I had worked with and learned from the best in the industry. In 2010 I was trying to return to Nike after working at Converse for 2 years, I had experience that couldn’t be matched by many if anyone. Color Design isn’t rocket science, but knowing the consumer and the culture, being able to tap into what the consumer is going to want before anyone else is doing it, figuring out a strategy and a way to evolve and prolong the retail life of sneakers while staying relevant takes foresight and a history with the product and I had proven success doing this. I had no design background before I started at Nike, but I had a connection to a niche market few were able to reach.

Before resigning from Converse I was told by a Nike VP, returning wouldn’t be a problem.  She had me speak with a recruiter, who had just started at Nike from Intel, and without actually asking any questions or seeing my portfolio he let me know that they were looking for a fresh perspective.  First of all, how would a nerd from Intel know how fresh my perspective was or is? And secondly, my daughter’s father got hired back without any concern over his perspective.  

I left Nike on good terms and at one point while I was still working there, there was an effort to have me moved to another category, Jayme Martin fought to keep me on Jesse Leyva’s team working on Energy/Indie and Icons, his argument was that not all color designers are created equal. Someone as high-up as JM would fight to keep me working under Jesse but then no one could do anything to get me hired back?? References from Creative Director’s and VP’s weren’t even enough to be considered for jobs I was more than qualified for.

The higher-ups were aware that Angelo and I had both quit our jobs with Converse and the plan was for the both of us to go back to working at Nike, they also knew that we were splitting-up once we were relocated to Oregon from Massachusetts.  Once I was back in Portland I was an unemployed single mom in one of the worst job markets in the country and blocked from all jobs with the biggest employer.  HR said there wasn’t anything in my file that would prevent me from getting hired back. Not knowing that I had actually been blacklisted, thinking I would get rehired, I missed out on other opportunities, and in hindsight, would have been better off staying in MA.  I can’t explain how psychologically, financially and emotionally damaging being blacklisted is, with little or no regard for my welfare and from a company I spent close to 10 years working for - it was a bullshit way to handle my situation.  Even when a person is fired or laid-off there’s a reason, they are told why they are being fired. I probably will never know the truth about why I was blacklisted. I’ve heard different things, but nothing that would be justification for ending my career.  Nike was and probably still is a boys club. I can safely say I never did anything my managers didn’t do and they are all easily climbing the corporate ladder. I’m sure there were times when I was an asshole, especially If I felt I had to defend myself, but this same exact behavior was never seen as a problem for my male counterparts.
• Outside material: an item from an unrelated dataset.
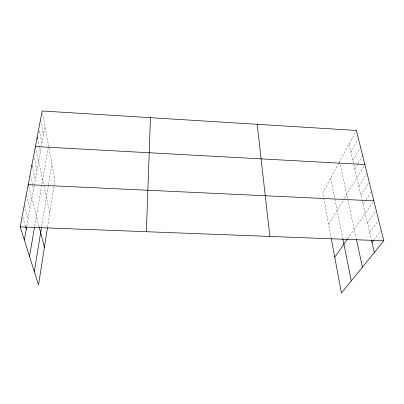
<?xml version="1.0" encoding="UTF-8"?>
<svg xmlns="http://www.w3.org/2000/svg" width="404" height="404" viewBox="0 0 404 404"><rect width="100%" height="100%" fill="white"/><g stroke="black" fill="none" stroke-linecap="round" stroke-linejoin="round"><path stroke-width="0.3" stroke-dasharray="2.02 1.52" d="M47.531 227.189L54.904 179.942L42.248 111.595M41.637 226.649L51.904 163.756M34.724 225.967L48.334 146.758M26.836 226.184L34.118 186.032M34.224 185.441L41.112 147.48M41.218 146.889L44.96 126.25M338.769 163.12L322.761 192.819L323.634 197.516M339.047 162.605L356.384 130.442M350.894 152.263L358.429 138.678M352.838 160.565L360.519 147.101M354.823 169.049L357.646 164.251M357.959 163.721L362.666 155.722M328.614 224.25L343.42 199.854M344.319 198.379L364.857 164.544M358.868 186.345L367.034 173.306M360.929 195.152L369.261 182.275M363.034 204.156L365.756 200.091M366.095 199.586L371.539 191.451M347.581 238.759L373.877 200.849M367.393 222.806L376.265 210.474M369.65 232.457L378.715 220.337M373.892 239.86L380.841 230.936M22.801 217.64L25.412 226.356M24.472 205.798L28.174 218.811M26.437 195.395L30.022 208.621M28.825 187.087L39.112 226.846M30.209 175.351L32.411 184.249M32.557 184.84L33.583 188.991M32.174 166.322L35.3 179.528M348.995 144.142L353.687 164.201M353.828 164.807L362.191 200.556M362.332 201.157L371.281 239.436M34.219 158.146L36.971 170.296M35.537 147.157L43.688 184.648M43.95 185.845L49.788 212.711M339.602 161.575L356.197 238.37M37.4 138.511L38.885 145.657M39.011 146.253L40.254 152.207M330.714 178.068L334.79 198.445M334.901 199.026L342.744 238.239M39.334 130.729L41.859 143.349M40.627 120.16L43.43 134.699M323.745 198.101L331.189 238.092"/><path stroke-width="0.61" d="M146.384 231.709L150.455 117.69M47.435 227.8L38.526 284.931L20.2 226.876L42.132 110.984L356.384 130.442L383.8 240.799L341.415 293.016L331.3 238.673M34.305 271.564L41.44 227.871M29.507 256.358L34.512 227.205M24.336 239.981L26.725 226.801M334.754 257.247L347.238 239.254M371.963 242.339L373.508 240.36M20.2 226.876L383.8 240.799M373.877 200.849L28.194 184.648L28.507 185.87M35.406 146.541L364.857 164.544M25.583 226.937L26.28 229.26M39.269 227.452L44.4 247.278M31.891 165.12L32.174 166.322M371.417 240.016L374.331 252.465M356.449 239.542L362.413 267.145M37.148 137.32L37.4 138.511M342.86 238.82L351.273 280.871M257.197 124.301L269.852 236.436"/></g></svg>

Over the years I could have maybe learned to accept not being rehired if I was seeing a lot of innovation around color and material coming from Nike, but I’m not. Where is this fresh perspective that the recruiter was looking for because it’s not happening with color or concepts? There's a lot of shit being done that the Energy/Indie team already did, at least I would have taken color design somewhere new instead of just repeating what has already been done. And as a constant, but bittersweet reminder of the career I once had, there are concepts that I helped get into the marketplace that are still being used by Nike today. Occasionally, I will come across articles like this one about a girl who collects sneakers, her favorite pair out of 100 are from the blue-ribbon row of the powerwall, one of Mark Parker's projects which I did the color on and the team received a shoe dog award for.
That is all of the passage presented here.